Tulkinghorn. He has been standing on the hearthstone with his back
to the smoked chimney-piece, and now turns round with his glasses
to his eyes. "Who is this? 'Lady Dedlock.' Ha! A very good
likeness in its way, but it wants force of character. Good day to
you, gentlemen; good day!"
When he has walked out, Mr. Guppy, in a great perspiration, nerves
himself to the hasty completion of the taking down of the Galaxy
Gallery, concluding with Lady Dedlock.
"Tony," he says hurriedly to his astonished companion, "let us be
quick in putting the things together and in getting out of this
place. It were in vain longer to conceal from you, Tony, that
between myself and one of the members of a swan-like aristocracy
whom I now hold in my hand, there has been undivulged communication
and association. The time might have been when I might have
revealed it to you. It never will be more. It is due alike to the
oath I have taken, alike to the shattered idol, and alike to
circumstances over which I have no control, that the whole should
be buried in oblivion.
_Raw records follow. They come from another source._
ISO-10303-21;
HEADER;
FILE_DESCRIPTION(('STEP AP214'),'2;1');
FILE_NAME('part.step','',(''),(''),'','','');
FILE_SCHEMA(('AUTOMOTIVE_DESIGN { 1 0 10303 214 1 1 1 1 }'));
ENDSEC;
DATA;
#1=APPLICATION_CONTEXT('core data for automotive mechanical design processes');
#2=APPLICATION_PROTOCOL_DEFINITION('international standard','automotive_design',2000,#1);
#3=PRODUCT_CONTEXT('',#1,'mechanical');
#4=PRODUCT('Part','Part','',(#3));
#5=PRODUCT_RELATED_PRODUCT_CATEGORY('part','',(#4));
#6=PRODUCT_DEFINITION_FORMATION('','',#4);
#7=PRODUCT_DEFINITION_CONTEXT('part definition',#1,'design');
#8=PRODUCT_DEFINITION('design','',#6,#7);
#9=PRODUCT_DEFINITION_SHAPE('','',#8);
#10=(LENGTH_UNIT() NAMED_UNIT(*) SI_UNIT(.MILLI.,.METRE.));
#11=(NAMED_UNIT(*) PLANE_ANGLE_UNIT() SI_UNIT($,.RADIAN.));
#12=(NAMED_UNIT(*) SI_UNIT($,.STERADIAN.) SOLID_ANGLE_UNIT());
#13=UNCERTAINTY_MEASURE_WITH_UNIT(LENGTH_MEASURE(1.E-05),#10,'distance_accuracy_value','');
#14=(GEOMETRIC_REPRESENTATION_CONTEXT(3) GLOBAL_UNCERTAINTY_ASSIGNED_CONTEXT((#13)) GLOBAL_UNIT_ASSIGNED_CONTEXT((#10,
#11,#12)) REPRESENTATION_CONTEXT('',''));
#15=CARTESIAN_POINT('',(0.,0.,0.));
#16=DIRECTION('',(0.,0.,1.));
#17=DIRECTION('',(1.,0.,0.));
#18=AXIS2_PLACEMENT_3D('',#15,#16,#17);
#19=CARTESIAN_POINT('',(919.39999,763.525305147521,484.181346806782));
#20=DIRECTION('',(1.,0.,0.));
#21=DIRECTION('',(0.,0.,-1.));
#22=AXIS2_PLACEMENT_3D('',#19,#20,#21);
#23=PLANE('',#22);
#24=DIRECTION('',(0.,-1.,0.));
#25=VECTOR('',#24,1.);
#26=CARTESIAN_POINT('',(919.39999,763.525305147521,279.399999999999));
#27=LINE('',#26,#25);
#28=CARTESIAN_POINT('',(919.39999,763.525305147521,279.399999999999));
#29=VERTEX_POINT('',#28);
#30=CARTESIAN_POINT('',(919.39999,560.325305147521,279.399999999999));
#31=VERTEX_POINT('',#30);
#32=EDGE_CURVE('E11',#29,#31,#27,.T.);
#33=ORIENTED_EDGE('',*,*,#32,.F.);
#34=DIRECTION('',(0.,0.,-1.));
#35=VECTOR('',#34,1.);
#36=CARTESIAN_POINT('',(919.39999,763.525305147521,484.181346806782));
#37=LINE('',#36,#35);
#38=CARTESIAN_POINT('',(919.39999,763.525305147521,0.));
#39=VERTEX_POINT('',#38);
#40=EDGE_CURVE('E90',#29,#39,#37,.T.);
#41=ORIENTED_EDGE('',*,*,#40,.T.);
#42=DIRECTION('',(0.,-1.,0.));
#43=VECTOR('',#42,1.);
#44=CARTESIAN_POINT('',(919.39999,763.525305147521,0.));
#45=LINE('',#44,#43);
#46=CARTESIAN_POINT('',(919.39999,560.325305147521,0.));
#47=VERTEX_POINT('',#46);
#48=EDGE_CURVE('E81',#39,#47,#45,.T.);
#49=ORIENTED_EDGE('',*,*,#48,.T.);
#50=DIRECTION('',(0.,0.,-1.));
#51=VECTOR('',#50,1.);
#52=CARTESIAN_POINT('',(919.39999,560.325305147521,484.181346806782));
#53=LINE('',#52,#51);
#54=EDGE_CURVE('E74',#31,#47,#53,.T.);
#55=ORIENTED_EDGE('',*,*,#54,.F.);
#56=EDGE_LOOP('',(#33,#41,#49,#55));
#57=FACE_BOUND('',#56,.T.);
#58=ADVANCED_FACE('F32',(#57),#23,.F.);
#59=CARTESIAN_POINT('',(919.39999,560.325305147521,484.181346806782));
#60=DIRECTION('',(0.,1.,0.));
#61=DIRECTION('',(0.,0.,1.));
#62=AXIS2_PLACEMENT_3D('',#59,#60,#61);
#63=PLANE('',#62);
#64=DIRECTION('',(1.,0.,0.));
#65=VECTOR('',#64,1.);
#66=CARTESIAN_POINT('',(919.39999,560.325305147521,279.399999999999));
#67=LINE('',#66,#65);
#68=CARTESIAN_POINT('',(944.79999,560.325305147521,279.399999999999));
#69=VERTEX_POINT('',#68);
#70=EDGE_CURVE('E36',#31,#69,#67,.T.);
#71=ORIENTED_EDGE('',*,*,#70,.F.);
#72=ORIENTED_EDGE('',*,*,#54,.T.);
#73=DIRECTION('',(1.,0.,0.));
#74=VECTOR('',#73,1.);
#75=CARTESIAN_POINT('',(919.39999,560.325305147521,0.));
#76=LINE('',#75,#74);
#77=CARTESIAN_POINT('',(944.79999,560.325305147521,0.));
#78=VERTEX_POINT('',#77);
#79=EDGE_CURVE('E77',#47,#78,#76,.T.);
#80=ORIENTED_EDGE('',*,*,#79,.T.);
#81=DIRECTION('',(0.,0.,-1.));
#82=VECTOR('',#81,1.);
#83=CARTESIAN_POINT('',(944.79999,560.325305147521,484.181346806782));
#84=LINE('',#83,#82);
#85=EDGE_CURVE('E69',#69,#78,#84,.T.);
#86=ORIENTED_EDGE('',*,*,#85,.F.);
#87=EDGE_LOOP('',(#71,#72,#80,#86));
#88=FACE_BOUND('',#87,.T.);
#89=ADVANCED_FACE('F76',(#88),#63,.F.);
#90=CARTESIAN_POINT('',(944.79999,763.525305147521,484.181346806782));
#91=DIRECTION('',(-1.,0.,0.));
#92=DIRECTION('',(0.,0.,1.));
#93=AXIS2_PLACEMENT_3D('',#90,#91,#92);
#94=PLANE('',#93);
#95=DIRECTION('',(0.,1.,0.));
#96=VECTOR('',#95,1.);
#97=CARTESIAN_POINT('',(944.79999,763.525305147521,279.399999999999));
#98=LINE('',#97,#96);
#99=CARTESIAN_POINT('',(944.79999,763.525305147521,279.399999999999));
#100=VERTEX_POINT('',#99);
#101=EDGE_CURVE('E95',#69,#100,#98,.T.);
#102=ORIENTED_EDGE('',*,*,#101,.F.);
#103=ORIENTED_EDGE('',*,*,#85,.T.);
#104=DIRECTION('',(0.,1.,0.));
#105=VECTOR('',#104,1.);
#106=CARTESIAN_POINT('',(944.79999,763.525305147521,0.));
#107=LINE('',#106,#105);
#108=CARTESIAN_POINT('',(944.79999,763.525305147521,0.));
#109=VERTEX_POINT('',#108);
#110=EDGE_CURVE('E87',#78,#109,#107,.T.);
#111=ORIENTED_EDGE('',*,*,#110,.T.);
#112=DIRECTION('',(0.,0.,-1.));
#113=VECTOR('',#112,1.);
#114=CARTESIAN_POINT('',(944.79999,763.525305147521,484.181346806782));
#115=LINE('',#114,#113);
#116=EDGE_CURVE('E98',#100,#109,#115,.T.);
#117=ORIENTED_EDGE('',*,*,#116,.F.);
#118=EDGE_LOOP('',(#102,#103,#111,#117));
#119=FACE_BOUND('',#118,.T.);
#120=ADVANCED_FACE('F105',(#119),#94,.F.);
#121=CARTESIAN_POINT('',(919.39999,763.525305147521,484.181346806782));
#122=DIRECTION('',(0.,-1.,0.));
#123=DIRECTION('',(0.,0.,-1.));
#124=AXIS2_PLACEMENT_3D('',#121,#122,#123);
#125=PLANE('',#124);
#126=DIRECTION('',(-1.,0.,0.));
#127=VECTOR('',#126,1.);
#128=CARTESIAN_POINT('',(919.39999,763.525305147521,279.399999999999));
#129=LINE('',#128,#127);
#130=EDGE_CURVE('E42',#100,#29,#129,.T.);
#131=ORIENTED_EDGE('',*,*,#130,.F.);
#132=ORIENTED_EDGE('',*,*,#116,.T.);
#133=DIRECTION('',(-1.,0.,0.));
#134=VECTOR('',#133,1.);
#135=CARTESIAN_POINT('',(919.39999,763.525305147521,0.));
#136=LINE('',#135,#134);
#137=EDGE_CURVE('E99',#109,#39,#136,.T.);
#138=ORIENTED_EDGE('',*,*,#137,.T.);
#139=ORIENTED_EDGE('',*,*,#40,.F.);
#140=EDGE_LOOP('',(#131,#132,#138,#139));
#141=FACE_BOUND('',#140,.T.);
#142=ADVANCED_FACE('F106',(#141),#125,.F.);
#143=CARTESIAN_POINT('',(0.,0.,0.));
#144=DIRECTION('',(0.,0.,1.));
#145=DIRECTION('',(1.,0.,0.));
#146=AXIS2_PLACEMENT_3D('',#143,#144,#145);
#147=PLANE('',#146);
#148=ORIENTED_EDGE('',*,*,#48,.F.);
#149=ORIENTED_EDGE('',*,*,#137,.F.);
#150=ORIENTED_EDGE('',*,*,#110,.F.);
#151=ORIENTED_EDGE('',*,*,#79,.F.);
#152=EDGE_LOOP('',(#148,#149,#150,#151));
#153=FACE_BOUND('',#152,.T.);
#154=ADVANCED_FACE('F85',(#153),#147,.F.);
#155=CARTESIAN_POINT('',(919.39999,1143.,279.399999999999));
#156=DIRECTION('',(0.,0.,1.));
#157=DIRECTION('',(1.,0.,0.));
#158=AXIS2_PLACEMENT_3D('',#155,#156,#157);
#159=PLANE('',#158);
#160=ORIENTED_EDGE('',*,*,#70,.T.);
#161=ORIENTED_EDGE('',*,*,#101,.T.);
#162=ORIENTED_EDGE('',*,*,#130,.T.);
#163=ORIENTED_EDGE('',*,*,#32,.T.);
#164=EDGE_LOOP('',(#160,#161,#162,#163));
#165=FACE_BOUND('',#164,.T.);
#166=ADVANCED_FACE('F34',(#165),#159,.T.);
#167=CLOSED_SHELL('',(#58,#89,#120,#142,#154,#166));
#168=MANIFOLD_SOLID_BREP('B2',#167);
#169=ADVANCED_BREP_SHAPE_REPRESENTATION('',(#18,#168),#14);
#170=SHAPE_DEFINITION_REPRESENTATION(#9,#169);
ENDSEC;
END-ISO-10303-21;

I charge you as a friend, by the interest
you have ever testified in the fashionable intelligence, and by any
little advances with which I may have been able to accommodate you,
so to bury it without a word of inquiry!"
This charge Mr. Guppy delivers in a state little short of forensic
lunacy, while his friend shows a dazed mind in his whole head of
hair and even in his cultivated whiskers.